精神疾患とセロトニン、ドーパミン、アドレナリンの関係性

精神疾患とセロトニン、ドーパミン、アドレナリンの関係性


三大ホルモンと言われる「セロトニン」「ドーパミン」「アドレナリン」。名前だけなら多くの方が聞いたことはあるでしょう。

一説によると天才と言われる人は脳内ホルモンが活発だとされていますが、芸術家やミュージシャン等が覚せい剤を使用するのは、脳内ホルモンの分泌を促して良い作品を創り上げるためという話もあるほどです。

三大ホルモンはよくヘルスケア系の記事でも取り上げられますが、精神に関わる三大ホルモンはまだ研究段階で脳とどういった関係にあるかは未解明の部分が多いため、詳しいメカニズムはあまり解説されません。
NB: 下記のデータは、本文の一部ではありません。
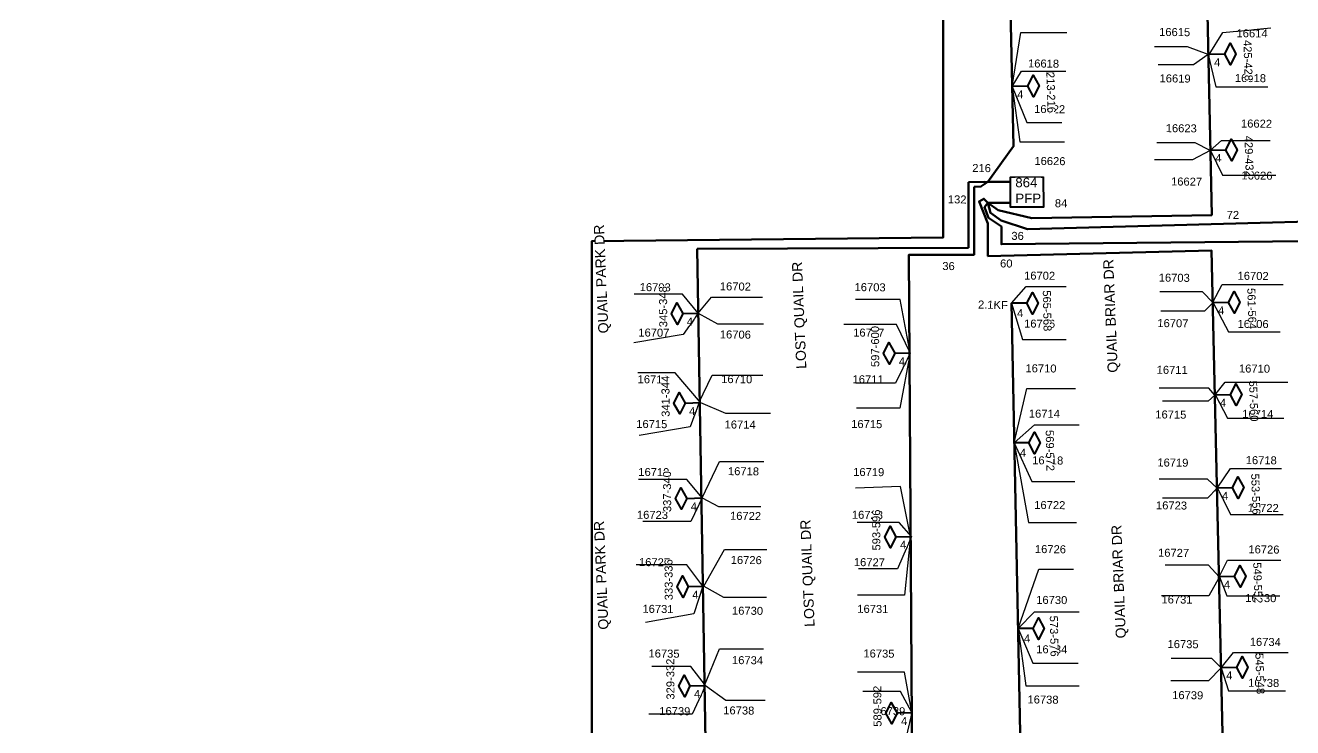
# Model space of a CAD drawing. Header units: millimetres. Extents: x -41032736 to 811436, y 699275 to 12282705.
# Drawn here: x 473629 to 475295, y 745014 to 745937 of the extents above; entities that cross this region are included whole.
import ezdxf
from ezdxf.enums import TextEntityAlignment as Align

# ---------------------------------------------------------------- set-up
doc = ezdxf.new("R2010")
doc.units = ezdxf.units.MM
doc.header["$MEASUREMENT"] = 0
doc.linetypes.add('ACAD_ISO02W100', pattern=[15, 12, -3])
doc.linetypes.add('DASHED', pattern=[1.8, 1.2, -0.6])
doc.layers.get('0').update_dxf_attribs({"linetype": 'CONTINUOUS'})
for name, color, linetype in [('A-Boundary', 1, 'CONTINUOUS'), ('A-StreetName', 104, 'CONTINUOUS'), ('ADDRESS', 7, 'CONTINUOUS'), ('Road', 8, 'CONTINUOUS')]:
    doc.layers.add(name, color=color, linetype=linetype)
for name, color, linetype, lineweight in [('A-Drop', 4, 'DASHED', 30), ('BURIED CABLE', 80, 'CONTINUOUS', 40), ('PP B FST', 3, 'CONTINUOUS', 30), ('PROPOSED PFP', 80, 'ACAD_ISO02W100', 40)]:
    doc.layers.add(name, color=color, linetype=linetype, lineweight=lineweight)
doc.styles.add('AUDIT_D_221110082537-30', font='arial.ttf')
doc.styles.get("Standard").update_dxf_attribs({"font": 'arial.ttf'})

# ---------------------------------------------------------------- blocks, each defined once
blk = doc.blocks.new('B_FST')
at = {"layer": 'BURIED CABLE', "color": 18, "true_color": 0x000000}
blk.add_line((0, 18.2), (0, 0), dxfattribs=at)
blk.add_lwpolyline([(0, 18.2), (-12.7, 24.8), (0, 31.5), (12.7, 24.8)], close=True, dxfattribs=at)
blk.add_attdef('COUNT', (-22.9, 36.2), '', height=9.65)
blk.add_attdef('S', text='', height=5.48).set_placement((0, 25), align=Align.MIDDLE_CENTER)

msp = doc.modelspace()

# ---------------------------------------------------------------- hatches: boundary and pattern name
at = {"layer": 'Road', "lineweight": 158, "ltscale": 50}
h = msp.add_hatch(color=0, dxfattribs=at)
h.dxf.hatch_style = 1
h.paths.add_polyline_path([(474895, 745731.8), (474889.4, 745733.1), (474889.4, 745730.5)])
h = msp.add_hatch(color=0, dxfattribs=at)
h.dxf.hatch_style = 1
h.paths.add_polyline_path([(474894.7, 745731.8), (474889.5, 745729.6), (474891, 745727.5)])
h = msp.add_hatch(color=0, dxfattribs=at)
h.dxf.hatch_style = 1
h.paths.add_polyline_path([(474894.9, 745731.7), (474900.4, 745730.4), (474900.4, 745733)])
h = msp.add_hatch(color=0, dxfattribs=at)
h.dxf.hatch_style = 1
h.paths.add_polyline_path([(474894.7, 745703.9), (474891.8, 745708.8), (474890, 745707)])
h = msp.add_hatch(color=0, dxfattribs=at)
h.dxf.hatch_style = 1
h.paths.add_polyline_path([(474894.7, 745704.1), (474890.5, 745700.3), (474892.6, 745698.8)])
h = msp.add_hatch(color=0, dxfattribs=at)
h.dxf.hatch_style = 1
h.paths.add_polyline_path([(474894.7, 745704.1), (474894.9, 745698.4), (474897.4, 745699.1)])
h = msp.add_hatch(color=0, dxfattribs=at)
h.dxf.hatch_style = 1
h.paths.add_polyline_path([(474894.8, 745704.1), (474900.4, 745702.9), (474900.3, 745705.4)])
h = msp.add_hatch(color=0, dxfattribs=at)
h.dxf.hatch_style = 1
h.paths.add_polyline_path([(474894.8, 745704), (474898.3, 745699.6), (474899.9, 745701.5)])

# ---------------------------------------------------------------- linework, layer by layer
at = {"layer": 'A-Boundary', "color": 5, "linetype": 'ByBlock', "lineweight": 100, "ltscale": 30}
msp.add_lwpolyline([(473628.8, 744968.1), (473664.6, 743917.9), (475928.4, 743954.1), (475905.6, 744690.2), (476380.1, 744704.9), (476380.1, 745283.7), (476492.8, 745854.1), (476568.7, 746137.7), (476898.7, 746754.3), (476145.8, 747157.3), (475954.8, 747204.1), (474974.6, 747204.1), (474836, 747045.9), (474836, 745658.6), (474373.9, 745653.8), (474373.9, 744904.3), (474284.2, 744673.1), (473628.8, 744968.1)], dxfattribs=at)
at = {"layer": 'BURIED CABLE', "color": 250, "linetype": 'ByBlock', "lineweight": 60, "ltscale": 30}
for p, q in [((474894.8, 745731.7), (474869.2, 745731)), ((474869.2, 745731), (474869.3, 745644.7)), ((474869.3, 745644.7), (474512.3, 745643.7)), ((474512.3, 745643.7), (474523.5, 744996.3))]:
    msp.add_line(p, q, dxfattribs=at)
at = {"layer": 'BURIED CABLE', "color": 18, "lineweight": 60, "ltscale": 30, "true_color": 0x000000}
msp.add_lwpolyline([(474876.5, 745725.2), (474885.6, 745725.4), (474894.8, 745731.7)], dxfattribs=at)
at = {"layer": 'PROPOSED PFP', "color": 250, "linetype": 'ByBlock', "ltscale": 30}
msp.add_lwpolyline([(474967.5, 745738), (474967.6, 745698.3), (474924.5, 745698.2), (474924.4, 745737.9)], close=True, dxfattribs=at)

# ---------------------------------------------------------------- next in the draw order: texts
at = {"layer": 'A-StreetName', "color": 0, "ltscale": 0.5, "char_height": 13.271, "attachment_point": 1, "line_spacing_factor": 0.5, "style": 'AUDIT_D_221110082537-30', "bg_fill": 3, "box_fill_scale": 1, "bg_fill_color": 256, "bg_fill_transparency": 0}
for s, insert, rotation in [('QUAIL PARK DR', (474382.5, 745532.1), 92.4631), ('LOST QUAIL DR', (474642.7, 745485.4), 92.3502), ('QUAIL PARK DR', (474382.5, 745142.5), 92.4631), ('LOST QUAIL DR', (474653.6, 745146.2), 92.3502), ('QUAIL BRIAR DR', (475063, 745131), 92.3502)]:
    msp.add_mtext(s, dxfattribs=dict(at, insert=insert, rotation=rotation))
at = {"layer": 'ADDRESS', "color": 3, "ltscale": 0.5, "char_height": 10.52, "attachment_point": 1, "rotation": 359.4605, "line_spacing_factor": 0.5, "style": 'AUDIT_D_221110082537-30', "bg_fill": 3, "box_fill_scale": 1, "bg_fill_color": 256, "bg_fill_transparency": 0}
for s, insert in [('16615', (475119.9, 745934)), ('16614', (475221.7, 745932.3)), ('16618', (474947.5, 745892.6)), ('16619', (475120.5, 745873)), ('16618', (475219.6, 745873.5)), ('16622', (474955.5, 745832.7)), ('16622', (475227.6, 745813.6)), ('16623', (475128.6, 745807.5)), ('16626', (474955.9, 745764.4)), ('16626', (475228.1, 745745.3)), ('16627', (475135.6, 745737.4)), ('16702', (474942.3, 745613.7)), ('16703', (475119.4, 745611)), ('16702', (475223.1, 745613.4)), ('16703', (474436.8, 745598.5)), ('16702', (474542.2, 745599.5)), ('16703', (474719.4, 745598.5)), ('16706', (474942.3, 745550.6)), ('16707', (475117.6, 745551.2)), ('16706', (475223.1, 745550.2)), ('16707', (474435, 745538.8)), ('16706', (474542.2, 745536.3)), ('16707', (474717.6, 745538.8)), ('16710', (474544, 745477.6)), ('16710', (474944.1, 745491.8)), ('16711', (475116.7, 745489.8)), ('16710', (475224.9, 745491.5)), ('16711', (474434.1, 745477.4)), ('16711', (474716.8, 745477.4)), ('16714', (474948.6, 745432.2)), ('16715', (475114.9, 745431.1)), ('16714', (475229.3, 745431.9)), ('16715', (474432.3, 745418.6)), ('16714', (474548.5, 745417.9)), ('16715', (474715, 745418.6)), ('16718', (474953, 745370.8)), ('16719', (475117.6, 745367.9)), ('16718', (475233.8, 745371)), ('16719', (474435, 745355.5)), ('16718', (474552.9, 745356.5)), ('16719', (474717.6, 745355.5)), ('16722', (474955.7, 745312.1)), ('16723', (475115.8, 745311.6)), ('16723', (474433.2, 745299.2)), ('16722', (474555.6, 745297.8)), ('16723', (474715.9, 745299.2)), ('16722', (475236.4, 745308.4)), ('16726', (474956.6, 745254.1)), ('16727', (475118.5, 745249.3)), ('16726', (475237.3, 745253.7)), ('16727', (474435.9, 745236.9)), ('16726', (474556.5, 745239.8)), ('16727', (474718.5, 745236.9)), ('16730', (474958.3, 745187.3)), ('16731', (475123, 745187.9)), ('16730', (475233.2, 745189.8)), ('16731', (474440.4, 745175.5)), ('16730', (474558.2, 745173.1)), ('16731', (474723, 745175.5)), ('16735', (475131, 745129.2)), ('16734', (475239.1, 745132.1)), ('16735', (474448.4, 745116.8)), ('16735', (474731, 745116.8)), ('16734', (474958.3, 745122.4)), ('16734', (474558.2, 745108.1)), ('16738', (475237, 745078.3)), ('16739', (475137.1, 745062.1)), ('16738', (474946.8, 745056.3)), ('16739', (474462.6, 745041.1)), ('16738', (474546.7, 745042)), ('16739', (474745.3, 745041.1))]:
    msp.add_mtext(s, dxfattribs=dict(at, insert=insert))
at = {"layer": 'PP B FST', "color": 0, "ltscale": 0.5, "char_height": 10.5, "attachment_point": 1, "rotation": 1.1889, "line_spacing_factor": 0.5, "style": 'AUDIT_D_221110082537-30', "bg_fill": 3, "box_fill_scale": 1, "bg_fill_color": 256, "bg_fill_transparency": 0}
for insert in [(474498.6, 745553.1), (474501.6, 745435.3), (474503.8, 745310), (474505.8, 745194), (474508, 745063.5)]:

そこでこの記事では、精神疾患という視点から三大ホルモンがどう影響しているを詳しく解説いたします。

精神疾患の主な症状と原因

精神疾患のことを世間ではよく「こころの病」と言います。「こころ」と聞くと「気持ち」「感情」「気分」などをイメージされるかもしれませんが、それらはすべて「脳」の働きに影響されています。主な精神疾患は以下の通りです。

【統合失調症】
考えや感情を一つにまとめられないため、不安感や幻聴、幻覚といった症状が現れる精神疾患です。詳しい原因はわかっていませんが、ドーパミンという脳の神経伝達物質が原因と言われています。
【うつ病】
気分の落ち込みや意欲の低下、眠れないなどの症状が現れる精神疾患です。ストレスや過度な疲労などによるセロトニンとアドレナリンの減少がうつ病を引き起こすと言われています。
【パニック障害】
異常な不安感に見舞われ、冷や汗や目まい、吐き気、震えといった発作を起こす精神疾患です。恐怖や不安という感情をつかさどる扁桃体のセロトニンが減少することが原因とされています。
【強迫性障害】
どうでもよいことを考えるのがやめられなくなったり、脅迫観念や不安感から何度も同じ行動を繰り返してしまったりする精神疾患です。ドーパミンが過剰な動きをするのが原因と言われていますが、セロトニンやノルアドレナリンも関係しているという説もあり、原因ははっきりしていません。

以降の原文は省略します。